Mechanism of Excretion in the Kidney:

In understanding the mechanism of excretion in humans, we shall examine some of these salient details: The capillary leaving the glomerulus is narrower than the one entering it, so that a high pressure is set up. This pressure causes fluids to filter out through the capillary walls and connect in the Bowman’s Capsule. The filtered fluid contains glucose, salts and nitrogenous waste dissolved in water, but proteins and fibrinogen remain in the blood. In man, 180litres per day of this filtrate, carrying 145g glucose and 1,100g sodium chloride pass into the Bowman’s Capsules. As the filtered serum passes down the uriniferous tubule, all the glucose, some of the salts and much water are absorbed back into a network of capillaries surrounding the tubule. This selective re-absorption prevents the loss of useful substances from the blood serum. The remaining liquid contains only the poisonous nitrogenous compounds and excess salts and water, called urine. It passes down the uriniferous tubule to the pelvis of the kidney where it collects and continues down the ureter to the bladder as a result of waves of contraction in the ureter.
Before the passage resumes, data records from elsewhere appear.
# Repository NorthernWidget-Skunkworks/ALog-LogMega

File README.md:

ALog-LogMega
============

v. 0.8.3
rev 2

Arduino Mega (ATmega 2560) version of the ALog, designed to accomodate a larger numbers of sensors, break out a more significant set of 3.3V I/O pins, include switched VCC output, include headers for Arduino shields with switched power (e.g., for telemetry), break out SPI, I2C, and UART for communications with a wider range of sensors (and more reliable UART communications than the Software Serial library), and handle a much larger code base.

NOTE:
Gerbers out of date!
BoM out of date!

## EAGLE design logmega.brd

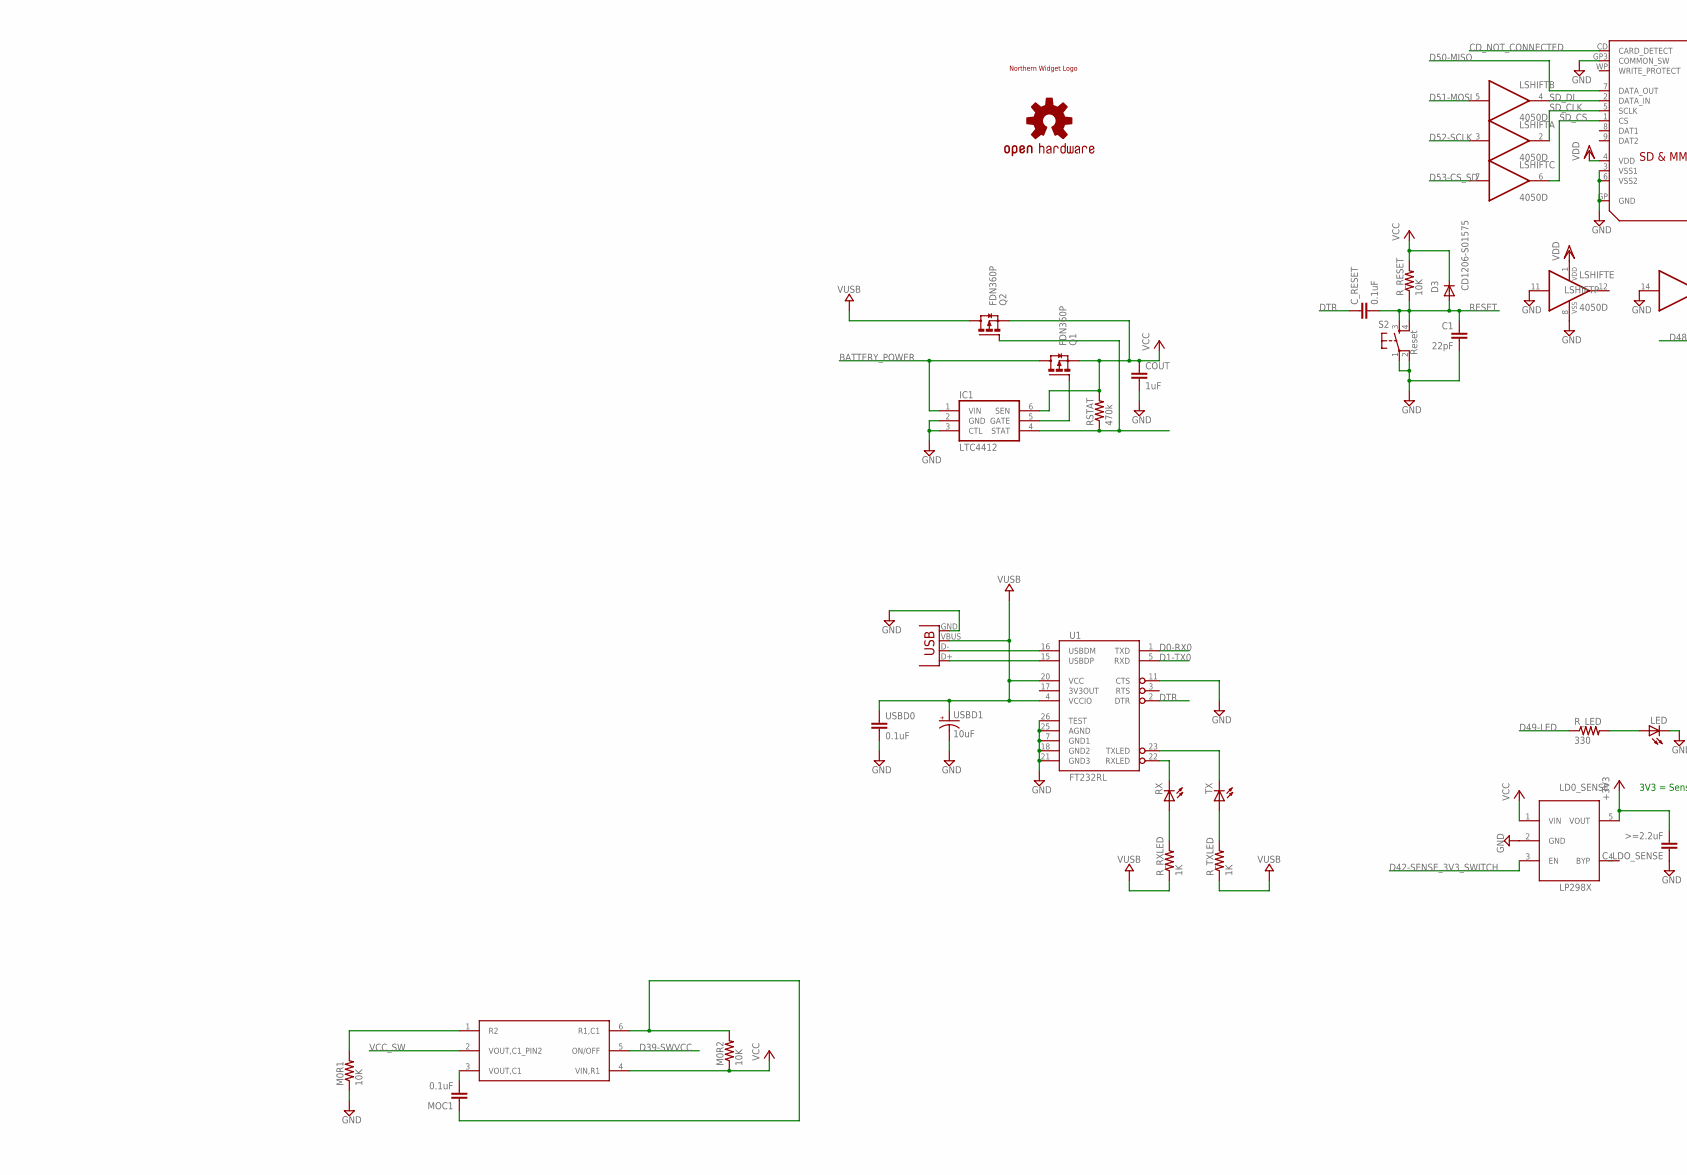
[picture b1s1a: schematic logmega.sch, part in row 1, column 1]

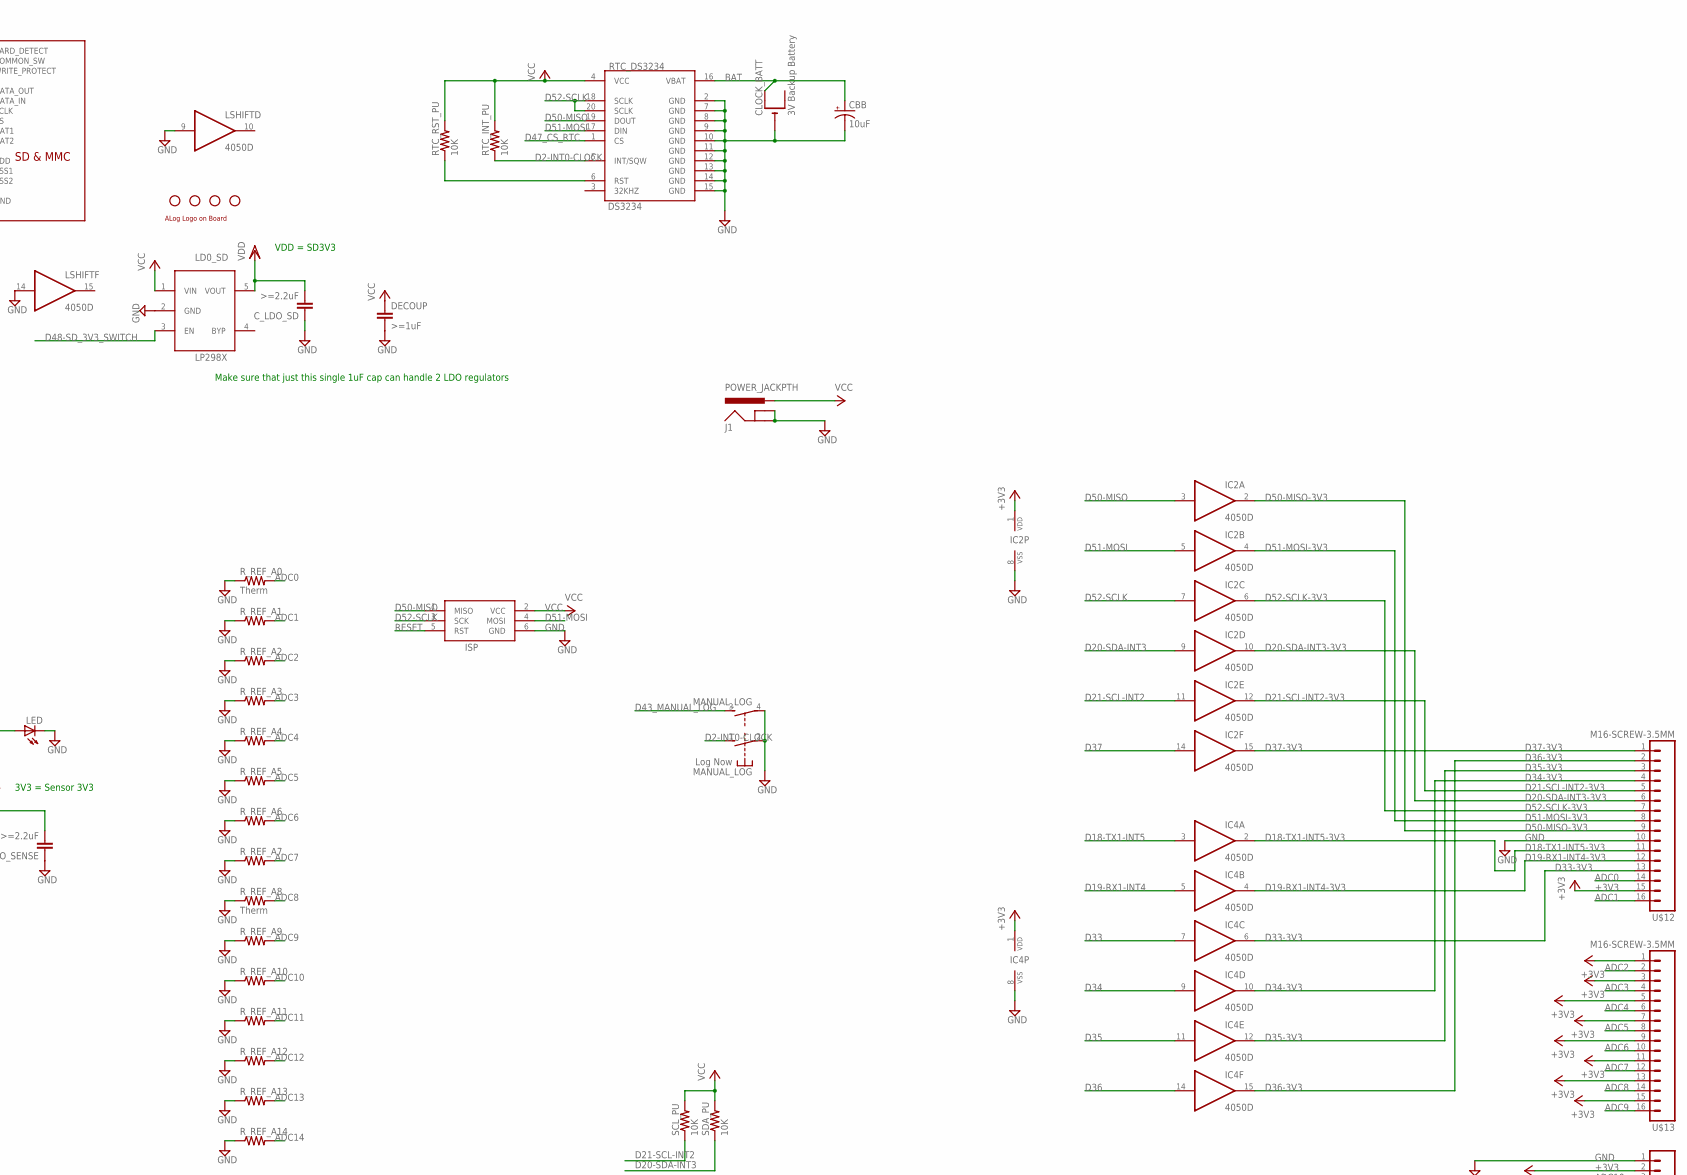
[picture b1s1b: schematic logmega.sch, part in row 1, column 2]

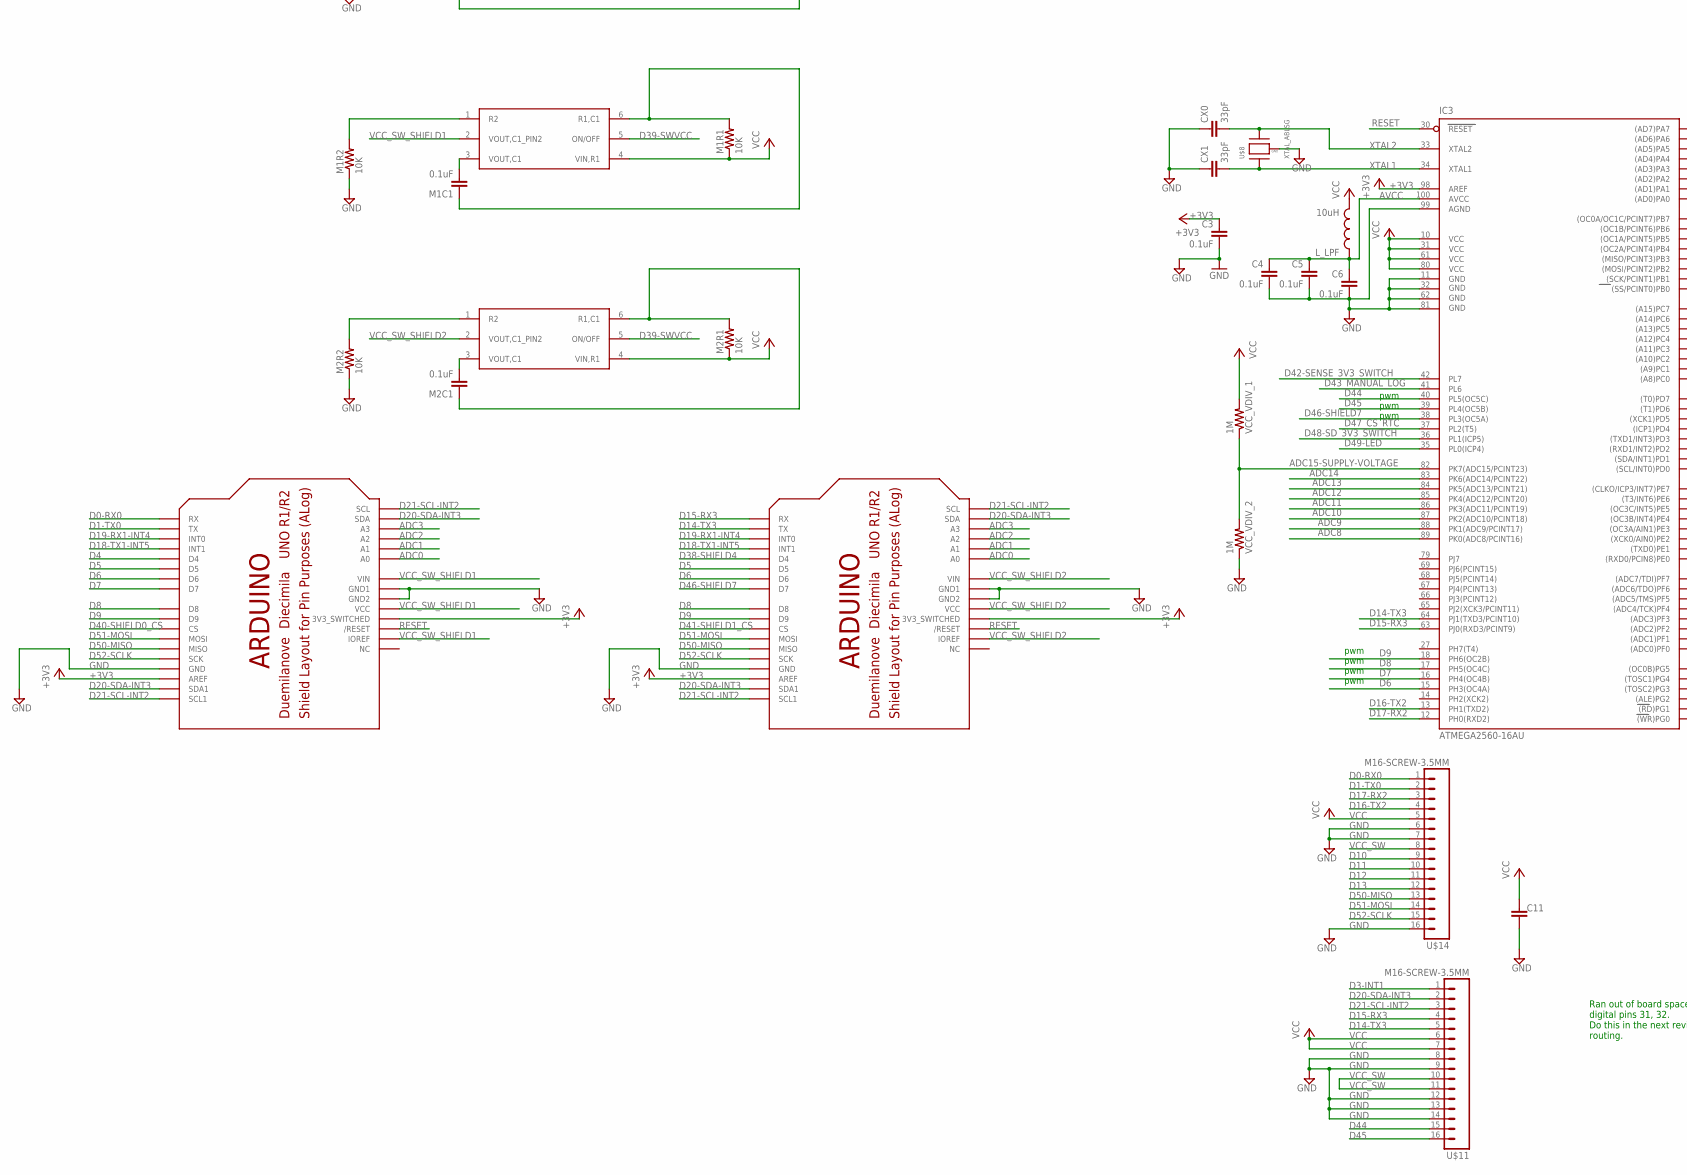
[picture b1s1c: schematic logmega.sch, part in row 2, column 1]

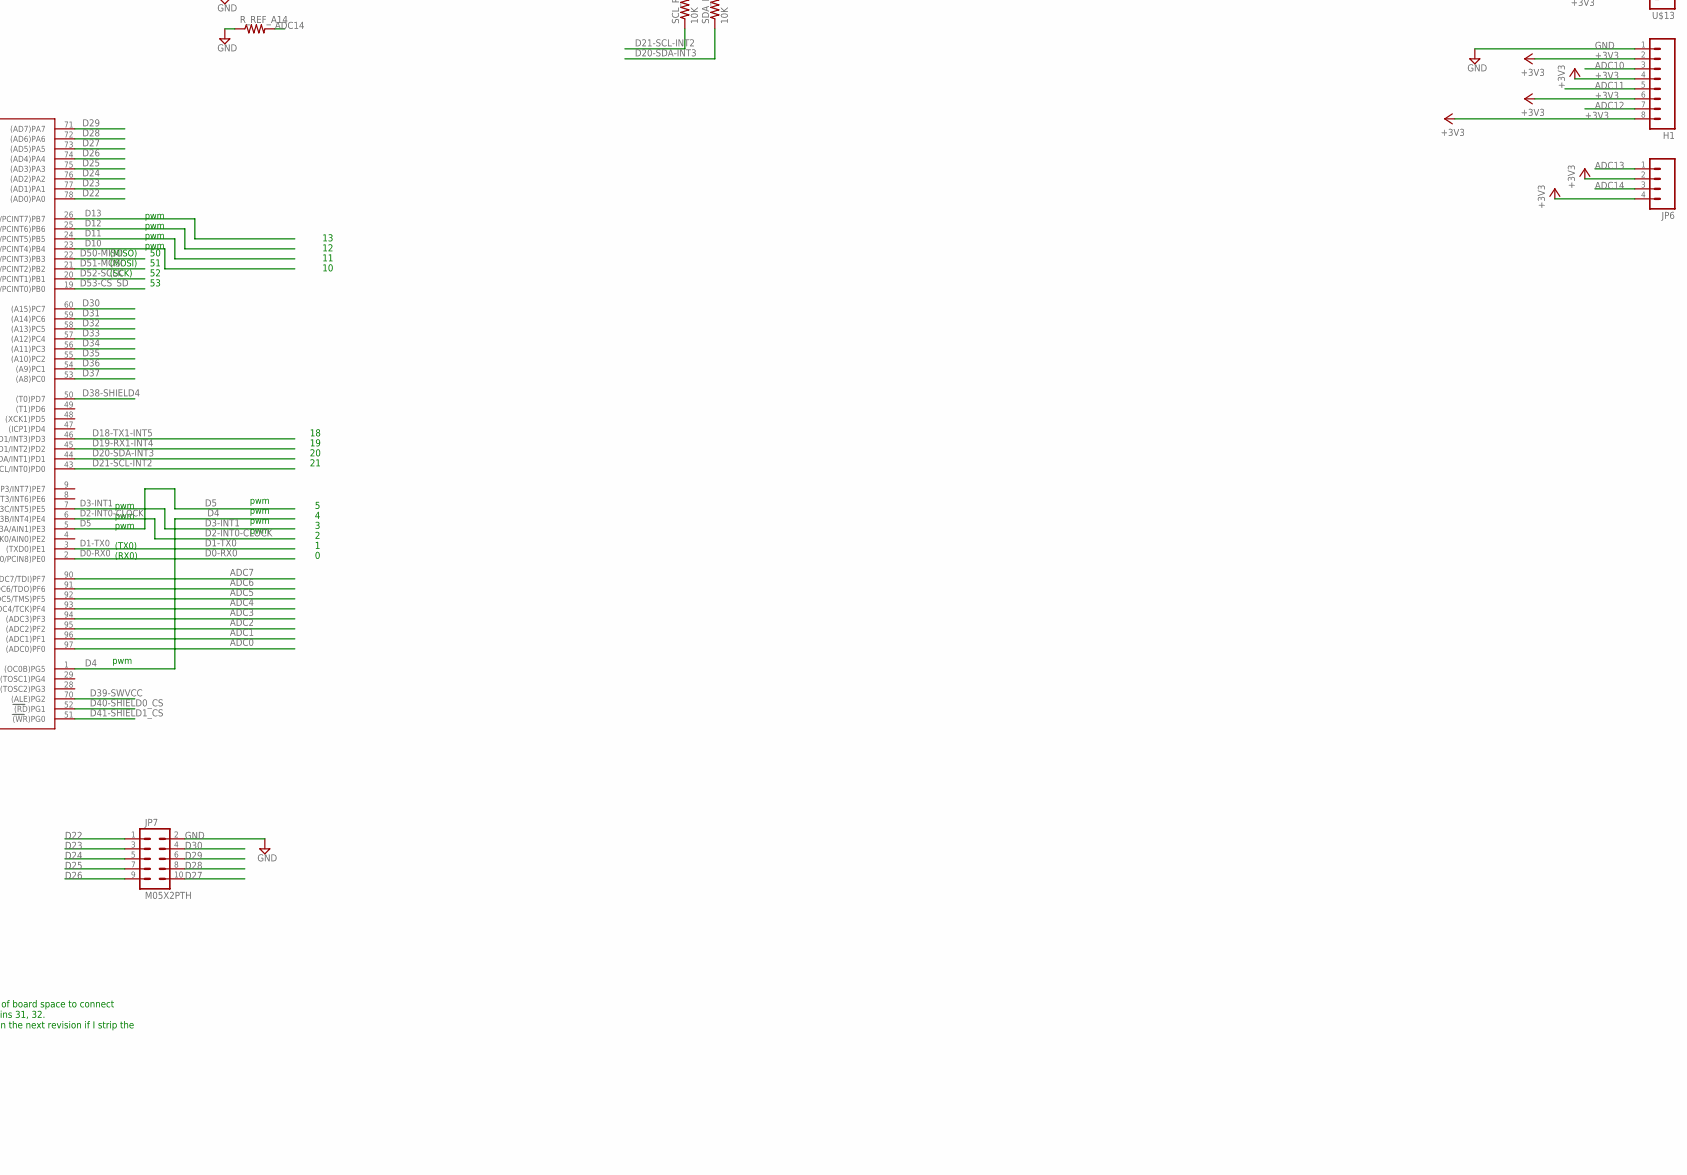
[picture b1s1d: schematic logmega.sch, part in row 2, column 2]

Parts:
C1: 22pF; C0603-ROUND
C3, C4, C5, C6, C11: 0.1uF; C0603-ROUND
CBB: 10uF; EIA3216
CLOCK_BATT: 3V Backup Battery; CR2032-SMD
COUT: 1uF; C0603-ROUND
CX0, CX1: 33pF; C0603
C_LDO_SD: >=2.2uF; C0603
C_LDO_SENSE: >=2.2uF; C0603
C_RESET: 0.1uF; C0603
D3: CD1206-S01575; MINIMELF
DECOUP: >=1uF; C0603
H1: M083.5MM-8; SCREWTERMINAL-3.5MM-8
IC1: LTC4412; TSOT23-6
IC2, IC4: 4050D; SO16
IC3: ATMEGA2560-16AU; TQFP100
ISP: AVRISP-6; AVRISP
J1: POWER_JACKPTH; POWER_JACK_PTH
JP1, JP2, JP3, JP4: STAND-OFF
JP5: USB-B; USB-B-PTH
JP6: M04SCREW; SCREWTERMINAL-3.5MM-4
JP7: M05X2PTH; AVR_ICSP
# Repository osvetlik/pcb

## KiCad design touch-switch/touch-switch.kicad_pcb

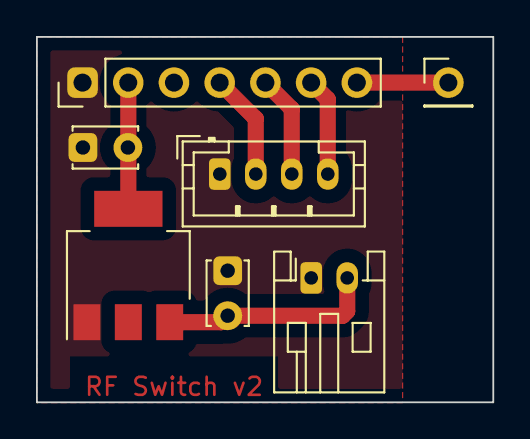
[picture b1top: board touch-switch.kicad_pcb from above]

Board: 2 copper layers, 25.4 x 20.3 mm, 5 parts (0 on the bottom side), 4 nets.

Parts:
AMS1117-3.3: AMS1117-3.3; SOT-223-3_TabPin2
Antenna: Conn_01x01; PinHeader_1x01_P2.54mm_Vertical
C1, C2: C; C_Disc_D3.4mm_W2.1mm_P2.50mm
RFTransmitter1: Conn_01x07; PinHeader_1x07_P2.54mm_Vertical

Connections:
+3.3V: AMS1117-3.3.2 (VO), C2.1, RFTransmitter1.2
+12V: AMS1117-3.3.3 (VI), C1.1
Earth: AMS1117-3.3.1 (GND), C1.2, C2.2, RFTransmitter1.1
unnamed: Antenna.1, RFTransmitter1.7

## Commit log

2023-02-25 Touch switch PCB

The capillaries from the glomeruli and the uriniferous tubules unite to form the renal vein.
Energy from respiration is used by the kidney to effect re-absorption, the blood in consequence leaving the kidneys in the renal vein containing less oxygen and glucose, more carbon dioxide and as a result of excretion, less water, salts and nitrogenous waste.

 

2. The Bladder:
The bladder is an extensible sac with elastic and muscular tissue in it’s walls. The volume of accumulating urine entering the bladder from the ureters, extends it’s elastic walls to a volume of 400cm^3 or more. At intervals the sphincter muscle which closes the outlet to the bladder relaxes and the bladder contracts, aided by the muscles of the abdomen, expelling the urine through a duct called urethra. In babies, the sphincter muscle is controlled by a reflex action triggered off by nerve endings in the stretched walls of the bladder. After about two years or less the muscle can be controlled voluntarily.